Apesar do problema da dívida, o Estado recuperou sua capacidade de investir, após o desastroso período de quatro anos onde o governo de Yeda Crusius aplicou o choque de gestão do déficit zero. Além de recuperar a capacidade de investir, o atual governo começou a recompor os salários arrochados do funcionalismo público e a realizar concursos em diversas áreas.

Outro dado da realidade é que uma parte significativa da população do Estado não tem acesso a essas informações.

Pesquisas recentes mostram a senadora Ana Amélia Lemos em primeiro lugar na preferência do eleitorado. A população do Rio Grande do Sul estaria disposta a aguentar mais um governo partidário do Estado mínimo e do choque de gestão? A candidata do PP vem tentando se distanciar do governo de Yeda Crusius (PSDB), do qual seu partido participou ativamente. Mas está ficando difícil para a candidata sustentar esse disfarce. A cada nova entrevista, Ana Amélia reforça que pretende diminuir o tamanho do Estado, demitir funcionários e extinguir secretarias.

Em entrevista ao jornal Metro, nesta segunda-feira (18), a senadora repete essas promessas, dizendo que “o Estado está como um poço que secou”. Cabe perguntar, como um “Estado que está como um poço que secou” cresce acima da média nacional, tem uma das menores taxas de desemprego do país, recupera os salários dos servidores, recompõe carreiras do Estado e constroi o maior parque eólico da América Latina?

O que a candidata do PP oferece é a reedição das fórmulas já tentadas nos governos de Antonio Britto e Yeda Crusius. Para o seu sucesso eleitoral, é fundamental que ela negue isso e procure se apresentar como porta-voz do “novo”, da “mudança” e da “esperança”, palavras lançadas ao vento de modo vago e paradoxal. Considerando seus antecedentes históricos, o novo não é novo, a mudança é repetição do que não funcionou e a esperança é a promessa de retrocesso.

O principal capital dessa candidatura é a sua visibilidade midiática via RBS. A empresa nega ter simpatias programáticas por seus jornalistas-candidatos, mas a afinidade ideologica é gritante, e sistematicamente ocultada. O que a população sabe sobre as escolhas, políticas, candidatos e governantes defendidos pela RBS nas últimas décadas que defenderam o Estado mínimo, as privatizações, a sacralização do mercado e a criminalização do setor público? Qual a responsabilidade da RBS e de seus candidatos pela situação do Rio Grande do Sul? Segundo eles, nenhuma. São, na acepção literal da palavra, irresponsáveis.

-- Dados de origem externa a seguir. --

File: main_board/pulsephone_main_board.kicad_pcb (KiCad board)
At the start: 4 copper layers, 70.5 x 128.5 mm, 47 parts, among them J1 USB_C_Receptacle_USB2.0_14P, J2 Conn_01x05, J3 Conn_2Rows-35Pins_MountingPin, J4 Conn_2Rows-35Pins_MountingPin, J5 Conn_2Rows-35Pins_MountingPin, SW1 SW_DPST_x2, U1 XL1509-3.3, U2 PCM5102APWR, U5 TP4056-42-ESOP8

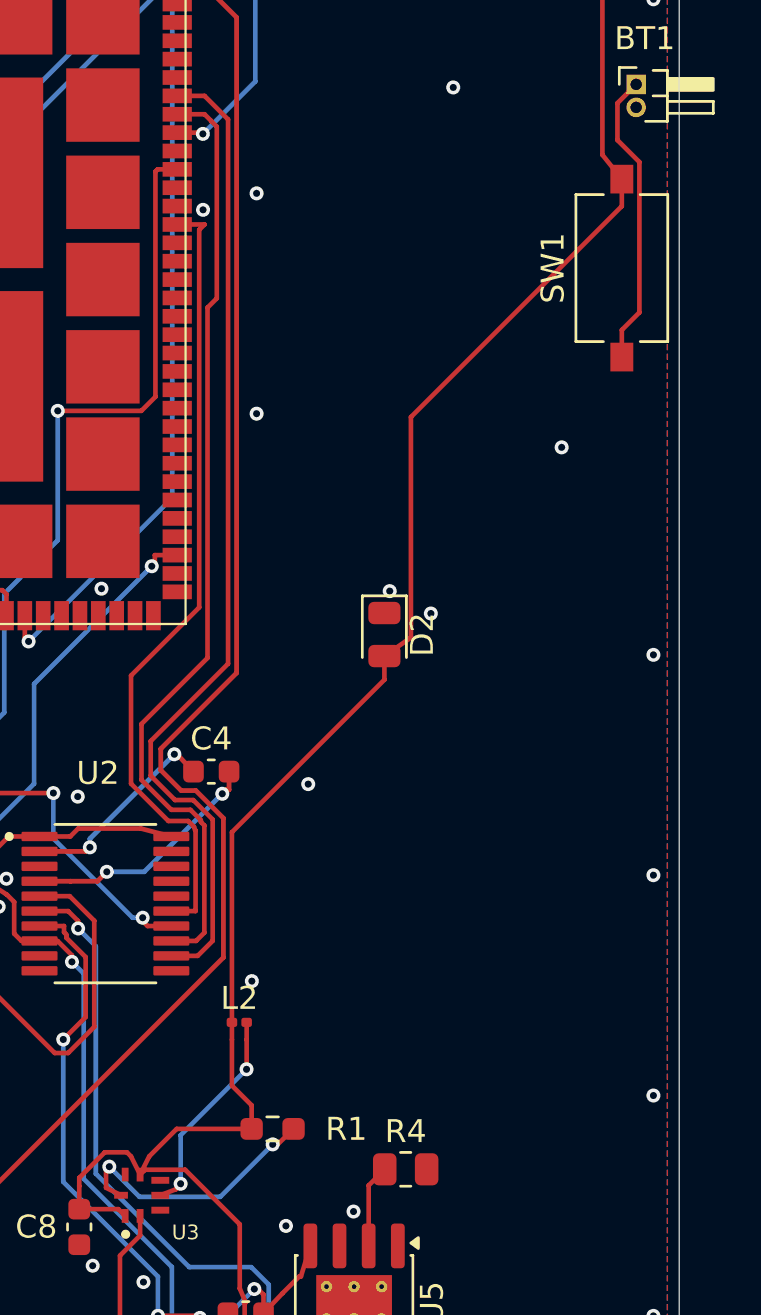
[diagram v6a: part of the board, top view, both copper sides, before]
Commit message: remove battery switch
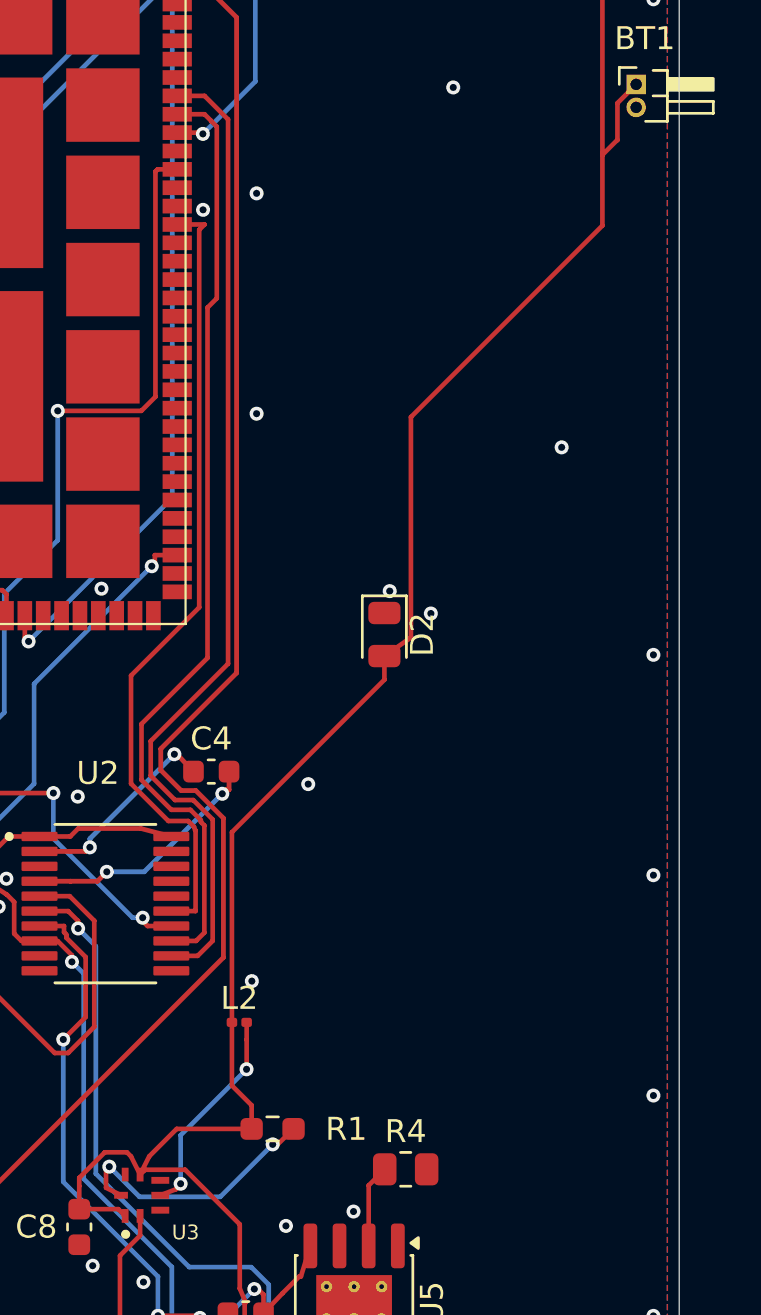
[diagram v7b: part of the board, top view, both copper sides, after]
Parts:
- removed SW1: SW_DPST_x2, Button_Switch_SMD:SW_Tactile_SPST_NO_Straight_CK_PTS636Sx25SMTRLFS
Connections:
- BT1 pad 1: Net-(BT1-+) -> +3.7VBAT
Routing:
- net Net-(BT1-+): track 12.9 -> 0.00 mm
- net +3.7VBAT: track 250.8 -> 253.9 mm

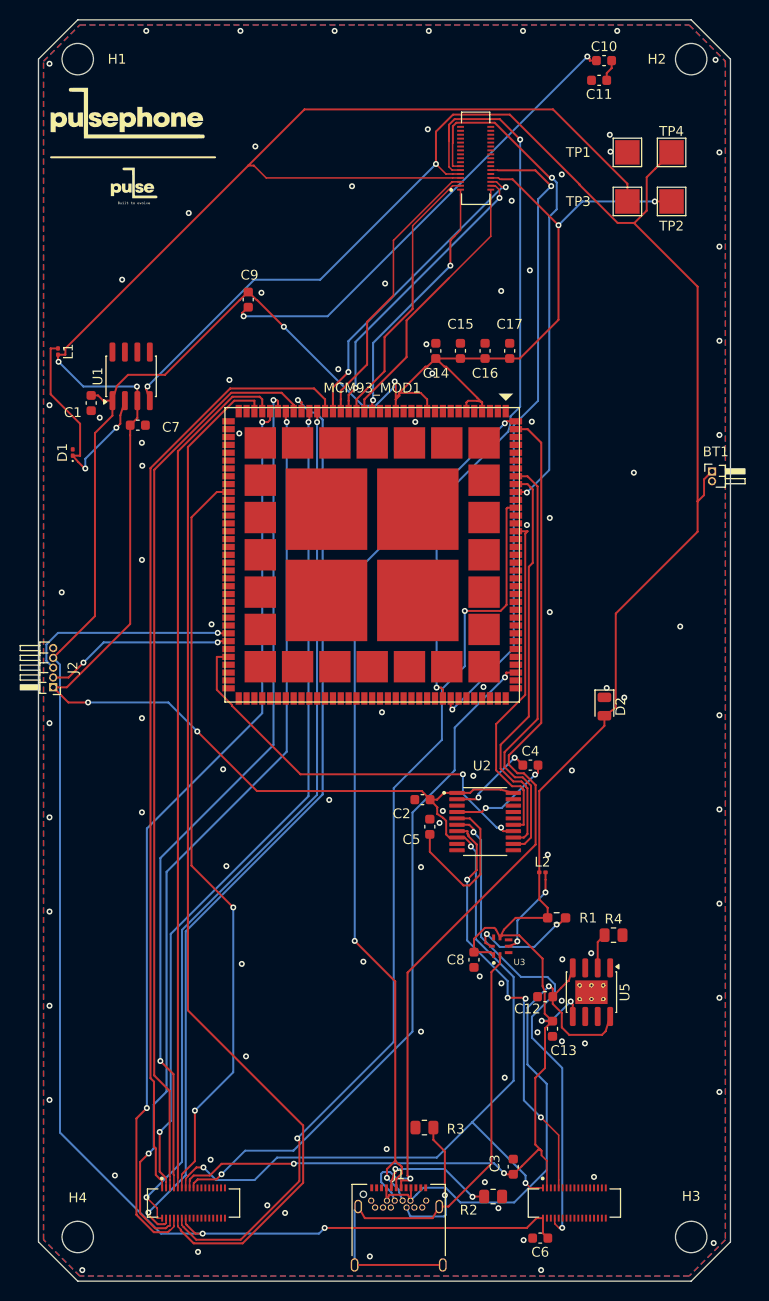
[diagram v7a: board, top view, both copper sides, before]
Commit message: add sd card slot. also add rst and onoff buttons
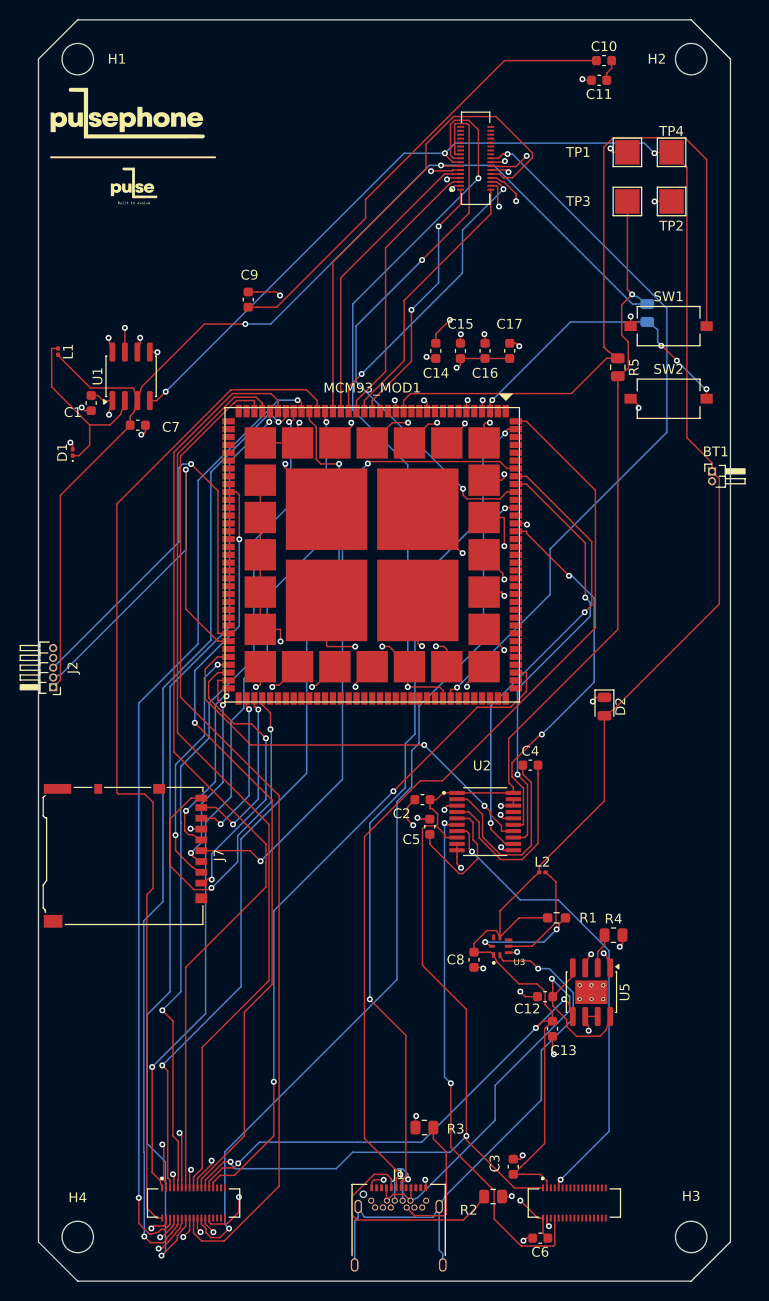
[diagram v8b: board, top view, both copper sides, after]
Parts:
- added J7: Micro_SD_Card_Det1, Connector_Card:microSD_HC_Hirose_DM3AT-SF-PEJM5, F.Cu at (109.9, 111.2)
- added R5: 10 kΩ, Resistor_SMD:R_0805_2012Metric, F.Cu at (160.0, 61.4)
- added R6: 10 kΩ, Resistor_SMD:R_0805_2012Metric, B.Cu at (163.0, 55.9)
- added SW1: SW_Push, Button_Switch_SMD:SW_Tactile_SPST_NO_Straight_CK_PTS636Sx25SMTRLFS, F.Cu at (165.2, 57.2)
- added SW2: SW_Push, Button_Switch_SMD:SW_Tactile_SPST_NO_Straight_CK_PTS636Sx25SMTRLFS, F.Cu at (165.2, 64.6)
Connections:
- MCM93_MOD1 pad 134: unconnected-(MCM93_MOD1D-29-Pad134) -> SD2_VDD
- MCM93_MOD1 pad 14: unconnected-(MCM93_MOD1-Pad14) -> RESET
- MCM93_MOD1 pad 3: unconnected-(MCM93_MOD1-Pad3) -> ONOFF
- MCM93_MOD1 pad 65: unconnected-(MCM93_MOD1B-30-Pad65) -> SD2_RST_B
- MCM93_MOD1 pad 67: unconnected-(MCM93_MOD1B-32-Pad67) -> SD2_DAT3
- MCM93_MOD1 pad 68: unconnected-(MCM93_MOD1B-33-Pad68) -> SD2_DAT2
- MCM93_MOD1 pad 69: unconnected-(MCM93_MOD1B-34-Pad69) -> SD2_CMD
- MCM93_MOD1 pad 70: unconnected-(MCM93_MOD1B-35-Pad70) -> SD2_CLK
- MCM93_MOD1 pad 72: unconnected-(MCM93_MOD1C-2-Pad72) -> SD2_DAT0
- MCM93_MOD1 pad 73: unconnected-(MCM93_MOD1C-3-Pad73) -> SD2_DAT1
- MCM93_MOD1 pad 74: unconnected-(MCM93_MOD1C-4-Pad74) -> SD2_CD_B
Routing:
- net +5V: track 248.1 -> 32.2 mm, vias 6 -> 12
- net GND: track 0.00 -> 213.5 mm, vias 96 -> 81
- net RESET: track 0.00 -> 75.7 mm
- net SD2_VDD: track 0.00 -> 67.0 mm, vias 0 -> 2
- net SD2_CD_B: track 0.00 -> 36.3 mm, vias 0 -> 2
- net ONOFF: track 0.00 -> 30.8 mm, vias 0 -> 4
- net SD2_DAT2: track 0.00 -> 29.5 mm, vias 0 -> 2
- net UART_RX: track 19.4 -> 46.9 mm, vias 2 -> 1
- net SD2_DAT3: track 0.00 -> 25.3 mm, vias 0 -> 2
- net UART_TX: track 21.7 -> 46.5 mm
- net SD2_CMD: track 0.00 -> 21.7 mm, vias 0 -> 2
- net SD2_CLK: track 0.00 -> 18.5 mm, vias 0 -> 2
- net /CSI_D1_P: track 32.1 -> 50.4 mm, vias 2 -> 0
- net SD2_DAT1: track 0.00 -> 18.1 mm, vias 0 -> 2
- net SD2_DAT0: track 0.00 -> 16.3 mm, vias 0 -> 2
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- added copper zone on In2.Cu, net +5V
- removed copper zone on B.Cu, net GND
- removed copper zone on F.Cu, net GND
- removed copper zone on In2.Cu, net GND

O mesmo mantra do Estado mínimo é repetido agora, prometendo economizar recursos, diminuir os gastos com o custeio da estrutura administrativa, enxugar a máquina, cortar secretarias e demitir funcionários. Mais uma vez, como ocorreu recentemente com o “novo jeito de governar” de Yeda Crusius, essa proposta é apresentado como sinônimo do “novo ” e da “mudança”. Esse filme foi exibido durante quatro anos, entre 2007 e 2010, e revelou-se um fracasso de crítica e público, indicando que o fundo do poço sempre pode ser mais fundo.